Redis's zrem method is key for multi-threaded and multi-process task contention, as its return value determines if the current instance successfully grabbed the task. The loop method may be called by multiple threads or processes, so using zrem ensures that a task is uniquely assigned.

Also, be sure to capture exceptions in handle_msg to avoid loop exit due to individual task handling issues. Below is the Java version of the delayed queue implementation, which requires the FastJSON library for JSON serialization.
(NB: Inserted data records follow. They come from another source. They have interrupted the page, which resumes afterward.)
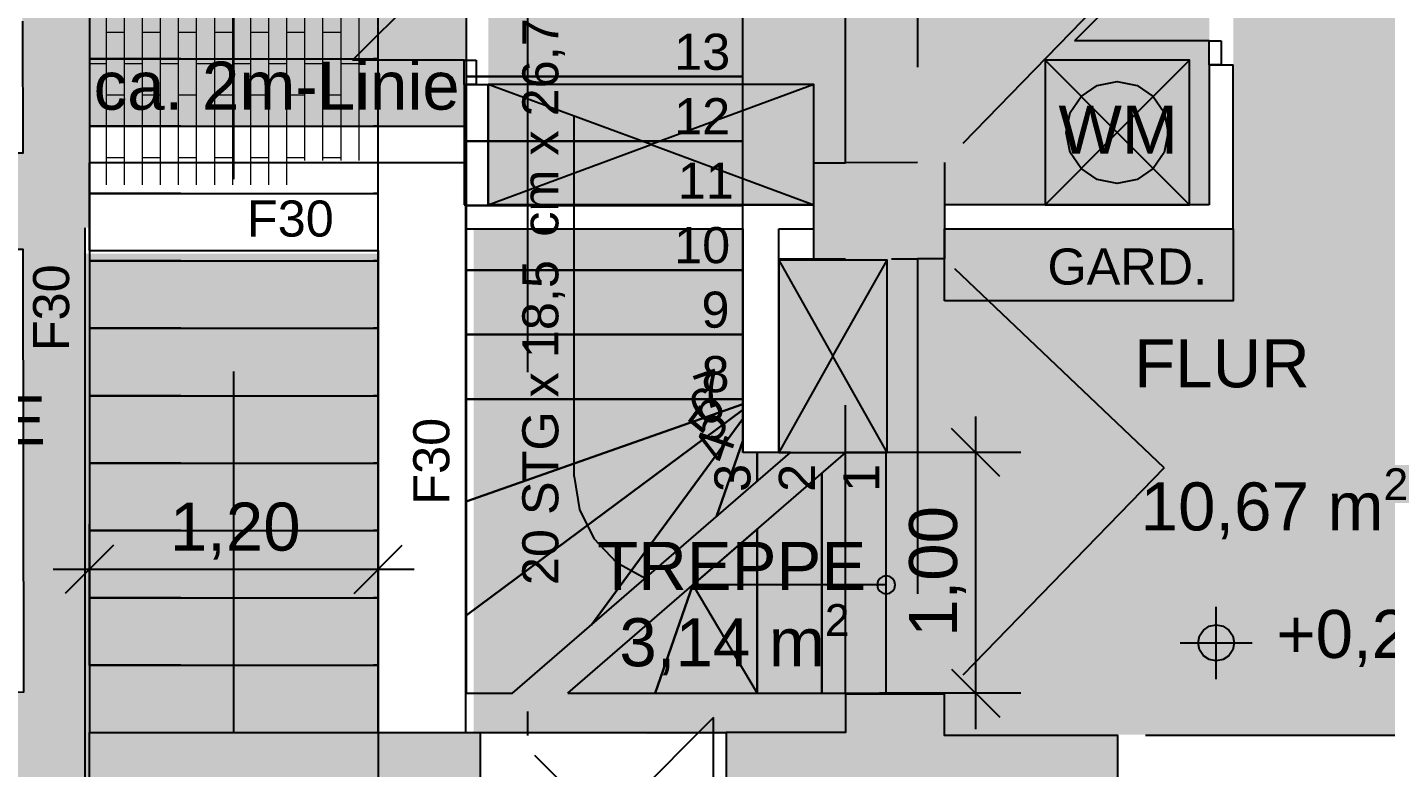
# Model space of a CAD drawing. Header units: centimetres. Extents: x 0 to 44.8, y 0 to 29.7.
# Drawn here: x 19.81 to 25.45, y 14.86 to 17.93 of the extents above; entities that cross this region are included whole.
import ezdxf
from ezdxf.xclip import XClip

# ---------------------------------------------------------------- set-up
doc = ezdxf.new("R2010")
doc.units = ezdxf.units.CM
doc.header["$MEASUREMENT"] = 0
doc.header["$XCLIPFRAME"] = 0
for name, pattern in [('ACAD_ISO02W100', [0.42, 0.12, -0.3]), ('Strichlinie_ eng', [0.23, 0.15, -0.08]), ('Strichlinie_ lang', [1.058333, 0.635, -0.423333]), ('Strichpunktlinie', [0.670278, 0.352778, -0.176389, 0, -0.141111])]:
    doc.linetypes.add(name, pattern=pattern)
for name, color, linetype in [('A-Bemaßung 1_100', 7, 'Continuous'), ('A-Dach', 7, 'Continuous'), ('A-Möblierung', 7, 'Continuous'), ('A-Räume NEU.Neu', 7, 'Continuous'), ('A-Schnittlinien.Marker', 7, 'Continuous'), ('A-Schraffuren', 7, 'Continuous'), ('A-Text', 7, 'Continuous'), ('A-Treppen', 7, 'Continuous'), ('Layout-Plankopf.Layout', 7, 'Continuous'), ('Layout-Zeichnung.Layout', 7, 'Continuous'), ('Neubau_A-Bemaßung 1_100', 7, 'Continuous'), ('Neubau_A-Decken Aufbau', 7, 'Continuous'), ('Neubau_A-Fenster Türen', 7, 'Continuous'), ('Neubau_A-Treppen', 7, 'Continuous'), ('Neubau_A-Wand Aussen', 7, 'Continuous'), ('Neubau_A-Wand Innen', 7, 'Continuous'), ('Unterzug', 7, 'Continuous'), ('Wand', 7, 'Continuous')]:
    doc.layers.add(name, color=color, linetype=linetype)
doc.styles.add('ERSTELLTER_STIL_3', font='')
doc.styles.get('ERSTELLTER_STIL_3').set_extended_font_data('Arial')

# ---------------------------------------------------------------- blocks, each defined once
blk = doc.blocks.new('*X3')
at = {"layer": 'A-Dach', "color": 9, "linetype": 'Continuous', "lineweight": 13, "ltscale": 10}
for p, q in [((20.1365, 19.1937), (20.1365, 19.0321)), ((20.1365, 19.1937), (20.1365, 18.8221)), ((20.2115, 19.1937), (20.2115, 19.0321)), ((20.2115, 19.1937), (20.2115, 18.8221)), ((20.2115, 19.1937), (20.2115, 18.8471)), ((20.2865, 19.1937), (20.2865, 19.0321)), ((20.2865, 19.1937), (20.2865, 18.8221)), ((20.3615, 19.1937), (20.3615, 19.0321)), ((20.3615, 19.1937), (20.3615, 18.8221)), ((20.3615, 19.1937), (20.3615, 18.8471)), ((20.4365, 19.1937), (20.4365, 19.0321)), ((20.4365, 19.1937), (20.4365, 18.8221)), ((20.5115, 19.1937), (20.5115, 19.0321)), ((20.5115, 19.1937), (20.5115, 18.8221)), ((20.5115, 19.1937), (20.5115, 18.8471)), ((20.5865, 19.1937), (20.5865, 19.0321)), ((20.5865, 19.1937), (20.5865, 18.8221)), ((20.6615, 19.1937), (20.6615, 19.0321)), ((20.6615, 19.1937), (20.6615, 18.8221)), ((20.6615, 19.1937), (20.6615, 18.8471)), ((20.7365, 19.1937), (20.7365, 19.0321)), ((20.7365, 19.1937), (20.7365, 18.8221)), ((20.8115, 19.1937), (20.8115, 19.0321)), ((20.8115, 19.1937), (20.8115, 18.8221)), ((20.8115, 19.1937), (20.8115, 18.8471)), ((20.8865, 19.1937), (20.8865, 19.0321)), ((20.8865, 19.1937), (20.8865, 18.8221)), ((20.0672, 19.0821), (20.1365, 19.0821)), ((20.2115, 19.0821), (20.2865, 19.0821)), ((20.3615, 19.0821), (20.4365, 19.0821)), ((20.5115, 19.0821), (20.5865, 19.0821)), ((20.6615, 19.0821), (20.7365, 19.0821)), ((20.8115, 19.0821), (20.8865, 19.0821)), ((20.1365, 18.9521), (20.2115, 18.9521)), ((20.2865, 18.9521), (20.3615, 18.9521)), ((20.4365, 18.9521), (20.5115, 18.9521)), ((20.5865, 18.9521), (20.6615, 18.9521)), ((20.7365, 18.9521), (20.8115, 18.9521)), ((20.8865, 18.9521), (20.9228, 18.9521)), ((20.9615, 18.9427), (20.9615, 18.8221)), ((20.9615, 18.9427), (20.9615, 18.8471)), ((21.0365, 18.9427), (21.0365, 18.8221)), ((21.1115, 18.9427), (21.1115, 18.8221)), ((21.1115, 18.9427), (21.1115, 18.8471)), ((21.1865, 18.9427), (21.1865, 18.8221)), ((20.0672, 18.8221), (20.1365, 18.8221)), ((20.1365, 18.8221), (20.1365, 18.5121)), ((20.1365, 18.8221), (20.1365, 18.3021)), ((20.2115, 18.8471), (20.2115, 18.8221)), ((20.2115, 18.8221), (20.2115, 18.5121)), ((20.2115, 18.8221), (20.2115, 18.3021)), ((20.2115, 18.8221), (20.2865, 18.8221)), ((20.2865, 18.8221), (20.2865, 18.5121)), ((20.2865, 18.8221), (20.2865, 18.3021)), ((20.3615, 18.8471), (20.3615, 18.8221)), ((20.3615, 18.8221), (20.3615, 18.5121)), ((20.3615, 18.8221), (20.3615, 18.3021)), ((20.3615, 18.8221), (20.4365, 18.8221)), ((20.4365, 18.8221), (20.4365, 18.5121)), ((20.4365, 18.8221), (20.4365, 18.3021)), ((20.5115, 18.8471), (20.5115, 18.8221)), ((20.5115, 18.8221), (20.5115, 18.5121)), ((20.5115, 18.8221), (20.5115, 18.3021)), ((20.5115, 18.8221), (20.5865, 18.8221)), ((20.5865, 18.8221), (20.5865, 18.5121)), ((20.5865, 18.8221), (20.5865, 18.3021)), ((20.6615, 18.8471), (20.6615, 18.8221)), ((20.6615, 18.8221), (20.6615, 18.5121)), ((20.6615, 18.8221), (20.6615, 18.3021)), ((20.6615, 18.8221), (20.7365, 18.8221)), ((20.7365, 18.8221), (20.7365, 18.5121)), ((20.7365, 18.8221), (20.7365, 18.3021)), ((20.8115, 18.8471), (20.8115, 18.8221)), ((20.8115, 18.8221), (20.8115, 18.5121)), ((20.8115, 18.8221), (20.8115, 18.3021)), ((20.8115, 18.8221), (20.8865, 18.8221)), ((20.8865, 18.8221), (20.8865, 18.5121)), ((20.8865, 18.8221), (20.8865, 18.3021)), ((20.9615, 18.8471), (20.9615, 18.8221)), ((20.9615, 18.8221), (20.9615, 18.5121)), ((20.9615, 18.8221), (20.9615, 18.3021)), ((20.9615, 18.8221), (21.0365, 18.8221)), ((21.0365, 18.8221), (21.0365, 18.5121)), ((21.0365, 18.8221), (21.0365, 18.3021)), ((21.1115, 18.8471), (21.1115, 18.8221)), ((21.1115, 18.8221), (21.1115, 18.5121)), ((21.1115, 18.8221), (21.1115, 18.3021)), ((21.1115, 18.8221), (21.1865, 18.8221)), ((21.1865, 18.8221), (21.1865, 18.5121)), ((21.1865, 18.8221), (21.1865, 18.3021)), ((20.1365, 18.6921), (20.2115, 18.6921)), ((20.2115, 18.6971), (20.2115, 18.3271)), ((20.2865, 18.6921), (20.3615, 18.6921)), ((20.3615, 18.6971), (20.3615, 18.3271)), ((20.4365, 18.6921), (20.5115, 18.6921)), ((20.5115, 18.6971), (20.5115, 18.3271)), ((20.5865, 18.6921), (20.6615, 18.6921)), ((20.6615, 18.6971), (20.6615, 18.3271)), ((20.7365, 18.6921), (20.8115, 18.6921)), ((20.8115, 18.6971), (20.8115, 18.3271)), ((20.8865, 18.6921), (20.9615, 18.6921)), ((20.9615, 18.6971), (20.9615, 18.3271)), ((21.0365, 18.6921), (21.1115, 18.6921)), ((21.1115, 18.6971), (21.1115, 18.3271)), ((21.1865, 18.6921), (21.1889, 18.6921)), ((20.0672, 18.5621), (20.1365, 18.5621)), ((20.2115, 18.5621), (20.2865, 18.5621)), ((20.3615, 18.5621), (20.4365, 18.5621)), ((20.5115, 18.5621), (20.5865, 18.5621)), ((20.6615, 18.5621), (20.7365, 18.5621)), ((20.8115, 18.5621), (20.8865, 18.5621)), ((20.9615, 18.5621), (21.0365, 18.5621)), ((21.1115, 18.5621), (21.1865, 18.5621)), ((20.1365, 18.4321), (20.2115, 18.4321)), ((20.2865, 18.4321), (20.3615, 18.4321)), ((20.4365, 18.4321), (20.5115, 18.4321)), ((20.5865, 18.4321), (20.6615, 18.4321)), ((20.7365, 18.4321), (20.8115, 18.4321)), ((20.8865, 18.4321), (20.9615, 18.4321)), ((21.0365, 18.4321), (21.1115, 18.4321)), ((21.1865, 18.4321), (21.1889, 18.4321)), ((20.0672, 18.3021), (20.1365, 18.3021)), ((20.1365, 18.3021), (20.1365, 17.9921)), ((20.1365, 18.3021), (20.1365, 17.7821)), ((20.2115, 18.3271), (20.2115, 18.3021)), ((20.2115, 18.3021), (20.2115, 17.9921)), ((20.2115, 18.3021), (20.2115, 17.7821)), ((20.2115, 18.3021), (20.2865, 18.3021)), ((20.2865, 18.3021), (20.2865, 17.9921)), ((20.2865, 18.3021), (20.2865, 17.7821)), ((20.3615, 18.3271), (20.3615, 18.3021)), ((20.3615, 18.3021), (20.3615, 17.9921)), ((20.3615, 18.3021), (20.3615, 17.7821)), ((20.3615, 18.3021), (20.4365, 18.3021)), ((20.4365, 18.3021), (20.4365, 17.9921)), ((20.4365, 18.3021), (20.4365, 17.7821)), ((20.5115, 18.3271), (20.5115, 18.3021)), ((20.5115, 18.3021), (20.5115, 17.9921)), ((20.5115, 18.3021), (20.5115, 17.7821)), ((20.5115, 18.3021), (20.5865, 18.3021)), ((20.5865, 18.3021), (20.5865, 17.9921)), ((20.5865, 18.3021), (20.5865, 17.7821)), ((20.6615, 18.3271), (20.6615, 18.3021)), ((20.6615, 18.3021), (20.6615, 17.9921)), ((20.6615, 18.3021), (20.6615, 17.7821)), ((20.6615, 18.3021), (20.7365, 18.3021)), ((20.7365, 18.3021), (20.7365, 17.9921)), ((20.7365, 18.3021), (20.7365, 17.7821)), ((20.8115, 18.3271), (20.8115, 18.3021)), ((20.8115, 18.3021), (20.8115, 17.9921)), ((20.8115, 18.3021), (20.8115, 17.7821)), ((20.8115, 18.3021), (20.8865, 18.3021)), ((20.8865, 18.3021), (20.8865, 17.9921)), ((20.8865, 18.3021), (20.8865, 17.7821)), ((20.9615, 18.3271), (20.9615, 18.3021)), ((20.9615, 18.3021), (20.9615, 17.9921)), ((20.9615, 18.3021), (20.9615, 17.7821)), ((20.9615, 18.3021), (21.0365, 18.3021)), ((21.0365, 18.3021), (21.0365, 17.9921)), ((21.0365, 18.3021), (21.0365, 17.7821)), ((21.1115, 18.3271), (21.1115, 18.3021)), ((21.1115, 18.3021), (21.1115, 17.9921)), ((21.1115, 18.3021), (21.1115, 17.7821)), ((21.1115, 18.3021), (21.1865, 18.3021)), ((21.1865, 18.3021), (21.1865, 17.9921)), ((21.1865, 18.3021), (21.1865, 17.7821)), ((20.1365, 18.1721), (20.2115, 18.1721)), ((20.2115, 18.1771), (20.2115, 17.8071)), ((20.2865, 18.1721), (20.3615, 18.1721)), ((20.3615, 18.1771), (20.3615, 17.8071)), ((20.4365, 18.1721), (20.5115, 18.1721)), ((20.5115, 18.1771), (20.5115, 17.8071)), ((20.5865, 18.1721), (20.6615, 18.1721)), ((20.6615, 18.1771), (20.6615, 17.8071)), ((20.7365, 18.1721), (20.8115, 18.1721)), ((20.8115, 18.1771), (20.8115, 17.8071)), ((20.8865, 18.1721), (20.9615, 18.1721)), ((20.9615, 18.1771), (20.9615, 17.8071)), ((21.0365, 18.1721), (21.1115, 18.1721)), ((21.1115, 18.1771), (21.1115, 17.8071)), ((21.1865, 18.1721), (21.1889, 18.1721)), ((20.0672, 18.0421), (20.1365, 18.0421)), ((20.2115, 18.0421), (20.2865, 18.0421)), ((20.3615, 18.0421), (20.4365, 18.0421)), ((20.5115, 18.0421), (20.5865, 18.0421)), ((20.6615, 18.0421), (20.7365, 18.0421)), ((20.8115, 18.0421), (20.8865, 18.0421)), ((20.9615, 18.0421), (21.0365, 18.0421)), ((21.1115, 18.0421), (21.1865, 18.0421)), ((20.1365, 17.9121), (20.2115, 17.9121)), ((20.2865, 17.9121), (20.3615, 17.9121)), ((20.4365, 17.9121), (20.5115, 17.9121)), ((20.5865, 17.9121), (20.6615, 17.9121)), ((20.7365, 17.9121), (20.8115, 17.9121)), ((20.8865, 17.9121), (20.9615, 17.9121)), ((21.0365, 17.9121), (21.1115, 17.9121)), ((21.1865, 17.9121), (21.1889, 17.9121)), ((20.2115, 17.8071), (20.2115, 17.7821)), ((20.3615, 17.8071), (20.3615, 17.7821)), ((20.5115, 17.8071), (20.5115, 17.7821)), ((20.6615, 17.8071), (20.6615, 17.7821)), ((20.8115, 17.8071), (20.8115, 17.7821)), ((20.9615, 17.8071), (20.9615, 17.7821)), ((21.1115, 17.8071), (21.1115, 17.7821)), ((20.0672, 17.7821), (20.1365, 17.7821)), ((20.1365, 17.7821), (20.1365, 17.4721)), ((20.1365, 17.7821), (20.1365, 17.2778)), ((20.2115, 17.7821), (20.2115, 17.4721)), ((20.2115, 17.7821), (20.2115, 17.2778)), ((20.2115, 17.7821), (20.2865, 17.7821)), ((20.2865, 17.7821), (20.2865, 17.4721)), ((20.2865, 17.7821), (20.2865, 17.2778)), ((20.3615, 17.7821), (20.3615, 17.4721)), ((20.3615, 17.7821), (20.3615, 17.2778)), ((20.3615, 17.7821), (20.4365, 17.7821)), ((20.4365, 17.7821), (20.4365, 17.4721)), ((20.4365, 17.7821), (20.4365, 17.2778)), ((20.5115, 17.7821), (20.5115, 17.4721)), ((20.5115, 17.7821), (20.5115, 17.2778)), ((20.5115, 17.7821), (20.5865, 17.7821)), ((20.5865, 17.7821), (20.5865, 17.4721)), ((20.5865, 17.7821), (20.5865, 17.2778)), ((20.6615, 17.7821), (20.6615, 17.4721)), ((20.6615, 17.7821), (20.6615, 17.2778)), ((20.6615, 17.7821), (20.7365, 17.7821)), ((20.7365, 17.7821), (20.7365, 17.4721)), ((20.7365, 17.7821), (20.7365, 17.2778)), ((20.8115, 17.7821), (20.8115, 17.4721)), ((20.8115, 17.7821), (20.8115, 17.2778)), ((20.8115, 17.7821), (20.8865, 17.7821)), ((20.8865, 17.7821), (20.8865, 17.4721)), ((20.8865, 17.7821), (20.8865, 17.2778)), ((20.9615, 17.7821), (20.9615, 17.4721)), ((20.9615, 17.7821), (20.9615, 17.379)), ((20.9615, 17.7821), (21.0365, 17.7821)), ((21.0365, 17.7821), (21.0365, 17.4721)), ((21.0365, 17.7821), (21.0365, 17.379)), ((21.1115, 17.7821), (21.1115, 17.4721)), ((21.1115, 17.7821), (21.1115, 17.379)), ((21.1115, 17.7821), (21.1865, 17.7821)), ((21.1865, 17.7821), (21.1865, 17.4721)), ((21.1865, 17.7821), (21.1865, 17.379)), ((20.1365, 17.6521), (20.2115, 17.6521)), ((20.2115, 17.6571), (20.2115, 17.2871)), ((20.2865, 17.6521), (20.3615, 17.6521)), ((20.3615, 17.6571), (20.3615, 17.2871)), ((20.4365, 17.6521), (20.5115, 17.6521)), ((20.5115, 17.6571), (20.5115, 17.2871)), ((20.5865, 17.6521), (20.6615, 17.6521)), ((20.6615, 17.6571), (20.6615, 17.2871)), ((20.7365, 17.6521), (20.8115, 17.6521)), ((20.8115, 17.6571), (20.8115, 17.2871)), ((20.8865, 17.6521), (20.9615, 17.6521)), ((20.9615, 17.6571), (20.9615, 17.379)), ((21.0365, 17.6521), (21.1115, 17.6521)), ((21.1115, 17.6571), (21.1115, 17.379)), ((21.1865, 17.6521), (21.1889, 17.6521)), ((20.0672, 17.5221), (20.1365, 17.5221)), ((20.2115, 17.5221), (20.2865, 17.5221)), ((20.3615, 17.5221), (20.4365, 17.5221)), ((20.5115, 17.5221), (20.5865, 17.5221)), ((20.6615, 17.5221), (20.7365, 17.5221)), ((20.8115, 17.5221), (20.8865, 17.5221)), ((20.9615, 17.5221), (21.0365, 17.5221)), ((21.1115, 17.5221), (21.1865, 17.5221)), ((20.1365, 17.3921), (20.2115, 17.3921)), ((20.2865, 17.3921), (20.3615, 17.3921)), ((20.4365, 17.3921), (20.5115, 17.3921)), ((20.5865, 17.3921), (20.6615, 17.3921)), ((20.7365, 17.3921), (20.8115, 17.3921)), ((20.8865, 17.3921), (20.9615, 17.3921)), ((21.0365, 17.3921), (21.1115, 17.3921)), ((21.1865, 17.3921), (21.1889, 17.3921)), ((20.2115, 17.2871), (20.2115, 17.2778)), ((20.3615, 17.2871), (20.3615, 17.2778)), ((20.5115, 17.2871), (20.5115, 17.2778)), ((20.6615, 17.2871), (20.6615, 17.2778)), ((20.8115, 17.2871), (20.8115, 17.2778))]:
    blk.add_line(p, q, dxfattribs=at)
blk = doc.blocks.new('Zeichnung_2_1', base_point=(5.8793, 14.2345))
at = {"layer": 'A-Möblierung', "linetype": 'Continuous', "lineweight": 0, "true_color": 0x535353}
for points in [[(21.7251, 17.1957), (23.078, 17.1957), (23.078, 17.6957), (21.7251, 17.6957)], [(23.621, 16.7957), (24.821, 16.7957), (24.821, 17.0957), (23.621, 17.0957)], [(22.9323, 16.1659), (23.3823, 16.1659), (23.3823, 16.9656), (22.9323, 16.9656)]]:
    blk.add_hatch(color=251, dxfattribs=at).paths.add_polyline_path(points)
at = {"layer": 'A-Räume NEU.Neu', "linetype": 'Continuous', "lineweight": 0, "true_color": 0x393526}
for points in [[(21.7252, 17.1965), (23.0779, 17.1957), (23.078, 17.3698), (23.2088, 17.3701), (23.621, 17.3707), (23.621, 17.1957), (24.721, 17.1957), (24.721, 19.3424), (23.7826, 19.3424), (23.7826, 19.2051), (23.7826, 18.9201), (22.6999, 18.9201), (22.6999, 19.3728), (21.7252, 19.3728)], [(23.508, 15.5649), (23.508, 15.1613), (23.621, 15.1613), (23.621, 14.9943), (25.6564, 14.9903), (26.4112, 14.9903), (26.4112, 15.1613), (26.5362, 15.1613), (26.5362, 19.1401), (26.3367, 19.1401), (26.3367, 19.3924), (24.821, 19.3924), (24.821, 17.0957), (23.621, 17.0957), (23.621, 16.9707), (22.9323, 16.9707), (22.9323, 16.1659), (23.508, 16.1659)], [(20.0672, 19.1697), (20.0672, 17.522), (21.6322, 17.522), (21.6323, 19.1697)], [(21.6648, 15.002), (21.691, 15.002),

import java.lang.reflect.Type;
import java.util.Set;
import java.util.UUID;

import com.alibaba.fastjson.JSON;
import com.alibaba.fastjson.TypeReference;

import redis.clients.jedis.Jedis;

public class RedisDelayingQueue<T> {

  static class TaskItem<T> {
    public String id;
    public T msg;
  }

  // TypeReference is needed for FastJSON serialization with generic types
  private Type TaskType = new TypeReference<TaskItem<T>>() {}.getType();

  private Jedis jedis;
  private String queueKey;

  public RedisDelayingQueue(Jedis jedis, String queueKey) {
    this.jedis = jedis;
    this.queueKey = queueKey;
  }

  public void delay(T msg) {
    TaskItem<T> task = new TaskItem<T>();
    task.id = UUID.randomUUID().toString(); // Assign a unique UUID
    task.msg = msg;
    String s = JSON.toJSONString(task); // FastJSON serialization
    jedis.zadd(queueKey, System.currentTimeMillis() + 5000, s); // Add to delayed queue, retry after 5s
  }

  public void loop() {
    while (!Thread.interrupted()) {
      // Only retrieve one item
      Set<String> values = jedis.zrangeByScore(queueKey, 0, System.currentTimeMillis(), 0, 1);
      if (values.isEmpty()) {
        try {
          Thread.sleep(500); // Pause and continue
        } catch (InterruptedException e) {
          break;
        }
        continue;
      }
      String s = values.iterator().next();
      if (jedis.zrem(queueKey, s) > 0) { // Successfully grabbed the task
        TaskItem<T> task = JSON.parseObject(s, TaskType); // FastJSON deserialization
        this.handleMsg(task.msg);
      }
    }
  }

  public void handleMsg(T msg) {
    System.out.println(msg);
  }

  public static void main(String[] args) {
    Jedis jedis = new Jedis();
    RedisDelayingQueue<String> queue = new RedisDelayingQueue<>(jedis, "q-demo");
    Thread producer = new Thread() {
      public void run() {
        for (int i = 0; i < 10; i++) {
          queue.delay("codehole" + i);
        }
      }
    };
    Thread consumer = new Thread() {
      public void run() {
        queue.loop();
      }
    };
    producer.start();
    consumer.start();
    try {
      producer.join();
      Thread.sleep(6000);
      consumer.interrupt();
      consumer.join();
    } catch (InterruptedException e) {}
  }
}

Further Optimization ​

In the algorithm above, the same task may be retrieved by multiple processes before using zrem, resulting in wasted efforts for those that didn’t succeed. To optimize this logic, consider using Lua scripting to atomically combine zrangebyscore and zrem on the server side. This way, contention for tasks among multiple processes will not lead to this waste.

Reflection ​

• Why can't Redis guarantee 100% reliability as a message queue?
• Using Lua scripting to optimize the logic of the delayed queue.